Knowledgeable and Experienced Guidance

Doctors’ obligations to detect or rule out cancer

On Behalf of | Sep 17, 2015 | Failure To Diagnose |

A Greenville patient visits a doctor counting on a well-educated, highly-skilled medical professional for a proper diagnosis and treatment. A physician who fails in his or her duties to provide quality care may be ordered by a court to compensate a patient for harm. The plaintiff must show something a doctor did or didn’t do contributed to or resulted in an injury or other loss.

So, what are doctors supposed to do to find out if a patient has cancer? A diagnosis typically begins with a physical exam and an evaluation of a patient’s symptoms and medical history. Numerous tests may be conducted during or after a doctor’s visit.
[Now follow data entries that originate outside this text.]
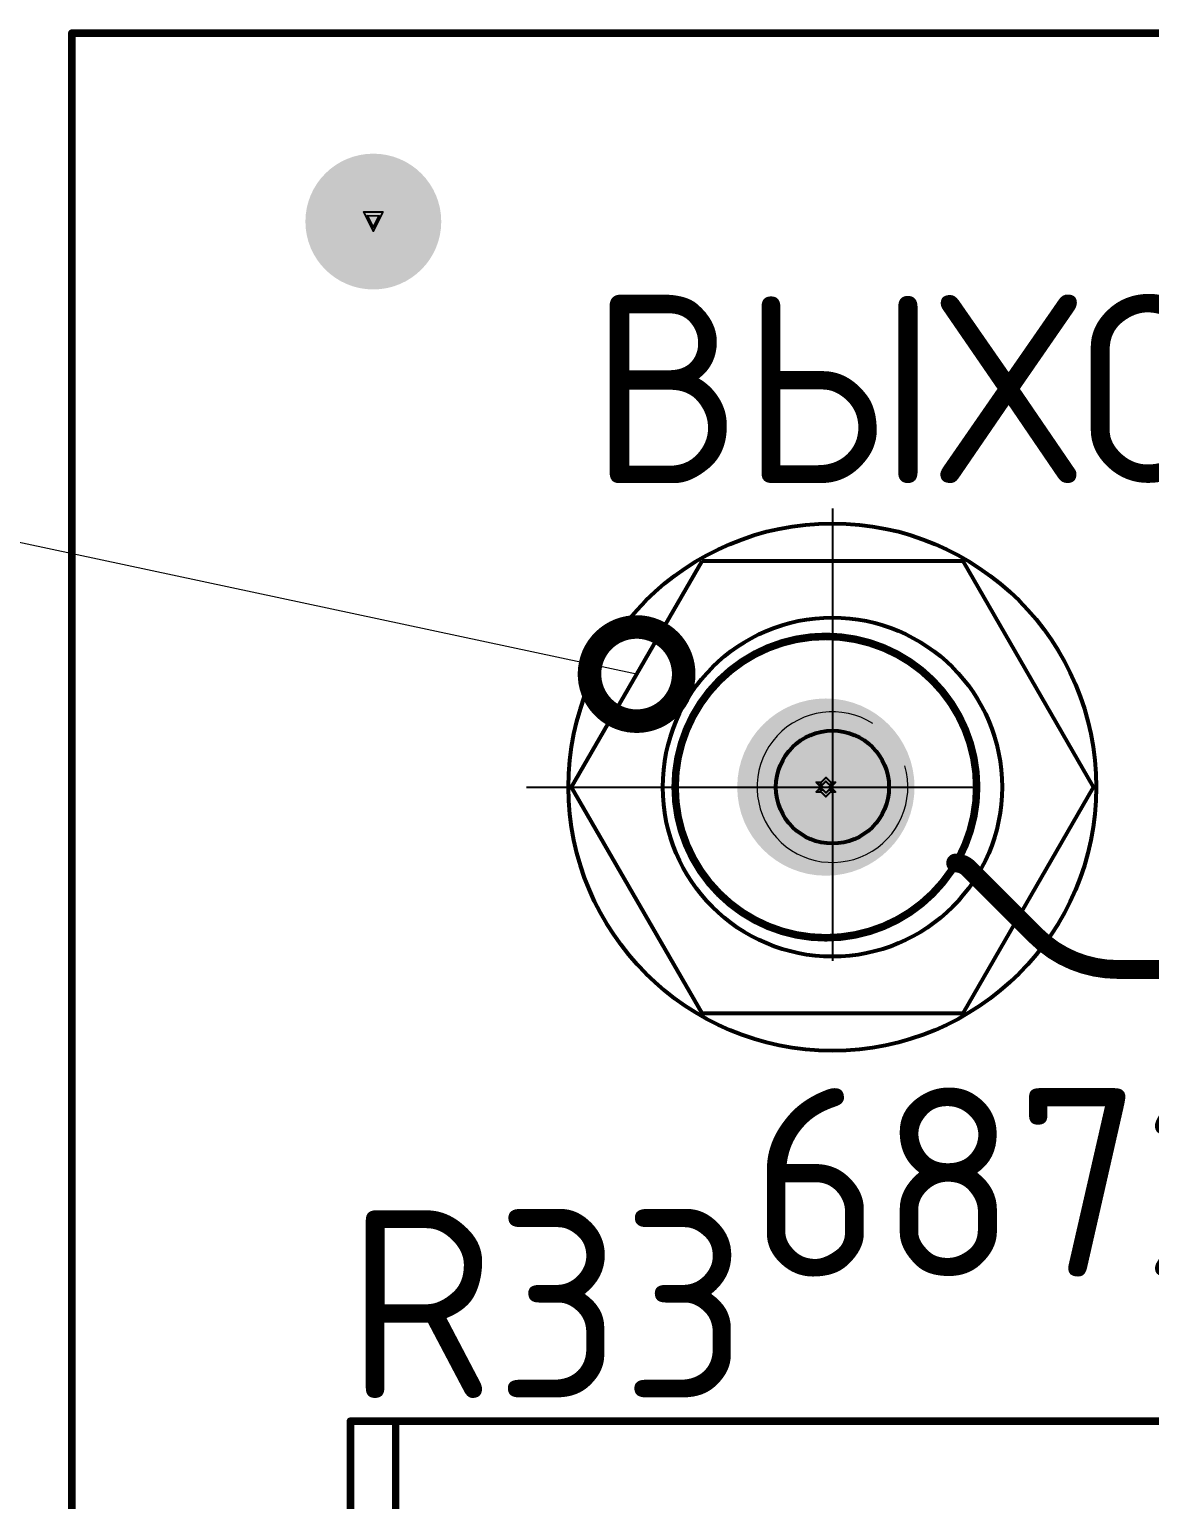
# Model space of a CAD drawing. Header units: millimetres. Extents: x 3219 to 51106, y -14166 to 2063.
# Drawn here: x 5515.35 to 5545.07, y 1951.44 to 1990.46 of the extents above; entities that cross this region are included whole.
import ezdxf

# ---------------------------------------------------------------- set-up
doc = ezdxf.new("R2010")
doc.units = ezdxf.units.MM
doc.linetypes.add('ACAD_ISO10W100', pattern=[18, 12, -3, 0, -3])
doc.layers.get('0').update_dxf_attribs({"lineweight": 53})
for name, color, linetype, lineweight in [('1', 1, 'Continuous', 18), ('Оси', 3, 'ACAD_ISO10W100', 25), ('Размеры', 2, 'Continuous', 18)]:
    doc.layers.add(name, color=color, linetype=linetype, lineweight=lineweight)
for name, color, linetype in [('Bottom Layer', 5, 'Continuous'), ('Bottom Solder', 6, 'Continuous'), ('Drill Drawing', 1, 'Continuous'), ('Mechanical 1', 6, 'Continuous'), ('Multi-Layer', 9, 'Continuous'), ('Top 3D Body', 76, 'Continuous'), ('Top Layer', 1, 'Continuous'), ('Top Overlay', 2, 'Continuous'), ('Top Solder', 216, 'Continuous')]:
    doc.layers.add(name, color=color, linetype=linetype)
doc.styles.add('Arial', font='arial.ttf', dxfattribs={"height": 3})
doc.styles.add('GOST type B', font='GOST_B.TTF', dxfattribs={"height": 3.5})
doc.dimstyles.new('Arial', dxfattribs={"dimscale": 0, "dimtxt": 3, "dimasz": 3, "dimexe": 2, "dimexo": 0, "dimgap": 2, "dimtad": 1, "dimtoh": 1, "dimdec": 1, "dimrnd": 0.1, "dimzin": 9, "dimtxsty": 'Arial', "dimblk": 'OPEN', "dimcen": -3, "dimdle": 1.25, "dimclrd": 256, "dimclre": 256, "dimclrt": 256, "dimadec": 1, "dimazin": 2, "dimtfac": 1, "dimtdec": 1, "dimtmove": 0, "dimatfit": 3, "dimldrblk": 'DOTSMALL', "dimfxl": 2, "dimtvp": 1.5, "dimtolj": 1, "dimtzin": 1, "dimlwd": -1, "dimarcsym": 0})

# ---------------------------------------------------------------- blocks, each defined once
blk = doc.blocks.new('R1_32_1__140_0210__62')
at = {"layer": 'Bottom Layer'}
h = blk.add_hatch(color=5, dxfattribs=at)
edge = h.paths.add_edge_path()
edge.add_arc((-16.25, 0), 1.25, 0, 360)
h = blk.add_hatch(color=5, dxfattribs=at)
edge = h.paths.add_edge_path()
edge.add_arc((16.25, 0), 1.25, 0, 360)
at = {"layer": 'Bottom Solder'}
h = blk.add_hatch(color=6, dxfattribs=at)
edge = h.paths.add_edge_path()
edge.add_arc((-16.25, 0), 1.352, 0, 360)
h = blk.add_hatch(color=6, dxfattribs=at)
edge = h.paths.add_edge_path()
edge.add_arc((16.25, 0), 1.352, 0, 360)
at = {"layer": 'Multi-Layer'}
h = blk.add_hatch(color=9, dxfattribs=at)
edge = h.paths.add_edge_path()
edge.add_arc((-16.25, 0), 1.25, 0, 360)
h = blk.add_hatch(color=9, dxfattribs=at)
edge = h.paths.add_edge_path()
edge.add_arc((16.25, 0), 1.25, 0, 360)
at = {"layer": 'Top Layer'}
h = blk.add_hatch(color=1, dxfattribs=at)
edge = h.paths.add_edge_path()
edge.add_arc((-16.25, 0), 1.25, 0, 360)
h = blk.add_hatch(color=1, dxfattribs=at)
edge = h.paths.add_edge_path()
edge.add_arc((16.25, 0), 1.25, 0, 360)
at = {"layer": 'Top Solder'}
h = blk.add_hatch(color=216, dxfattribs=at)
edge = h.paths.add_edge_path()
edge.add_arc((-16.25, 0), 1.352, 0, 360)
h = blk.add_hatch(color=216, dxfattribs=at)
edge = h.paths.add_edge_path()
edge.add_arc((16.25, 0), 1.352, 0, 360)
at = {"layer": 'Top 3D Body'}
for points in [[(-16.649, 4.296, 0.2, 0.2, 0), (16.649, 4.296, 0.2, 0.2, 0)], [(-16.649, 4.296, 0.2, 0.2, 0), (-16.649, -4.295, 0.2, 0.2, 0)], [(16.649, -4.295, 0.2, 0.2, 0), (16.649, 4.296, 0.2, 0.2, 0)], [(-16.649, -4.295, 0.2, 0.2, 0), (16.649, -4.295, 0.2, 0.2, 0)]]:
    blk.add_lwpolyline(points, format="xyseb", dxfattribs=at)
for points in [[(-16.699, 4.296, 0.1, 0.1, 1), (-16.599, 4.296, 0.1, 0.1, 1)], [(-16.699, 4.296, 0.1, 0.1, 1), (-16.599, 4.296, 0.1, 0.1, 1)], [(16.599, 4.296, 0.1, 0.1, 1), (16.699, 4.296, 0.1, 0.1, 1)], [(16.599, 4.296, 0.1, 0.1, 1), (16.699, 4.296, 0.1, 0.1, 1)], [(-16.699, -4.295, 0.1, 0.1, 1), (-16.599, -4.295, 0.1, 0.1, 1)], [(-16.699, -4.295, 0.1, 0.1, 1), (-16.599, -4.295, 0.1, 0.1, 1)], [(16.599, -4.295, 0.1, 0.1, 1), (16.699, -4.295, 0.1, 0.1, 1)], [(16.599, -4.295, 0.1, 0.1, 1), (16.699, -4.295, 0.1, 0.1, 1)]]:
    blk.add_lwpolyline(points, format="xyseb", close=True, dxfattribs=at)
at = {"layer": 'Top Overlay'}
for points in [[(-17.85, 4.296, 0.2, 0.2, 0), (-17.85, -4.295, 0.2, 0.2, 0)], [(-17.85, 4.296, 0.2, 0.2, 0), (17.85, 4.296, 0.2, 0.2, 0)], [(17.85, 4.296, 0.2, 0.2, 0), (17.85, -4.295, 0.2, 0.2, 0)], [(-17.85, -4.295, 0.2, 0.2, 0), (17.85, -4.295, 0.2, 0.2, 0)]]:
    blk.add_lwpolyline(points, format="xyseb", dxfattribs=at)
for points in [[(-17.9, 4.296, 0.1, 0.1, 1), (-17.8, 4.296, 0.1, 0.1, 1)], [(-17.9, 4.296, 0.1, 0.1, 1), (-17.8, 4.296, 0.1, 0.1, 1)], [(17.8, 4.296, 0.1, 0.1, 1), (17.9, 4.296, 0.1, 0.1, 1)], [(17.8, 4.296, 0.1, 0.1, 1), (17.9, 4.296, 0.1, 0.1, 1)], [(-17.9, -4.295, 0.1, 0.1, 1), (-17.8, -4.295, 0.1, 0.1, 1)], [(-17.9, -4.295, 0.1, 0.1, 1), (-17.8, -4.295, 0.1, 0.1, 1)], [(17.8, -4.295, 0.1, 0.1, 1), (17.9, -4.295, 0.1, 0.1, 1)], [(17.8, -4.295, 0.1, 0.1, 1), (17.9, -4.295, 0.1, 0.1, 1)]]:
    blk.add_lwpolyline(points, format="xyseb", close=True, dxfattribs=at)
blk = doc.blocks.new('A$C66CF5AB5')
blk.add_lwpolyline([(-3.464, 6), (-6.928, 0), (-3.464, -6), (3.464, -6), (6.928, 0), (3.464, 6)], close=True)
for radius in [7, 4.5, 1.5]:
    blk.add_circle((0, 0), radius)
at = {"layer": '1'}
blk.add_arc((0, 0), 2, 57.6157, 16.3763, dxfattribs=at)
at = {"layer": 'Оси'}
for p, q in [((0, 7.392), (0, -6.871)), ((-8.113, 0), (7.918, 0))]:
    blk.add_line(p, q, dxfattribs=at)
blk = doc.blocks.new('_DotSmall')
at = {"color": 0, "linetype": 'ByBlock', "const_width": 0.5}
blk.add_lwpolyline([(-0.0625, 0, 1), (0.0625, 0, 1)], format="xyb", close=True, dxfattribs=at)
blk = doc.blocks.new('_Open')
at = {"color": 0, "linetype": 'ByBlock', "lineweight": -2}
for p, q in [((-1, 0.1667), (0, 0)), ((-1, -0.1667), (0, 0)), ((0, 0), (-1, 0))]:
    blk.add_line(p, q, dxfattribs=at)

msp = doc.modelspace()

# ---------------------------------------------------------------- hatches: boundary and pattern name
at = {"layer": 'Bottom Layer'}
h = msp.add_hatch(color=5, dxfattribs=at)
edge = h.paths.add_edge_path()
edge.add_arc((5524.479, 1985.358), 1.7, 0, 360)
h = msp.add_hatch(color=5, dxfattribs=at)
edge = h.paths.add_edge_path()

A urinalysis or blood test can show abnormalities which may or may not support a cancer diagnosis. Imaging tests are ordered like computerized tomography and positron emission tomography scans, magnetic resonance imaging tests – known, respectively, as CT and PET scans and MRI tests – X-rays and sonograms. Imaging procedures are non-invasive ways doctors can look inside patients’ bodies.

Diagnostic procedures for cancer also include biopsies, extractions of cells or tissue samples for closer examination in a pathology lab. Samples may be taken using a needle or a tube-like devices called endoscopes. Surgical procedures involve partial or complete tumor removal.

Patient treatment depends upon the doctor’s findings and results of combined tests and procedures. It’s important to remember many lumps and tumors are noncancerous. Finding out what a patient doesn’t have is just as critical to a diagnosis as determining the medical condition a patient has.

The Melvin Law Firm can assess a claim for a failure to diagnose cancer, which isn’t always but can be an indication of medical malpractice. A North Carolina civil court would determine whether a doctor’s treatment measured up to the care a colleague under similar circumstances would give. Below-standard efforts point to negligence and a possible damage award.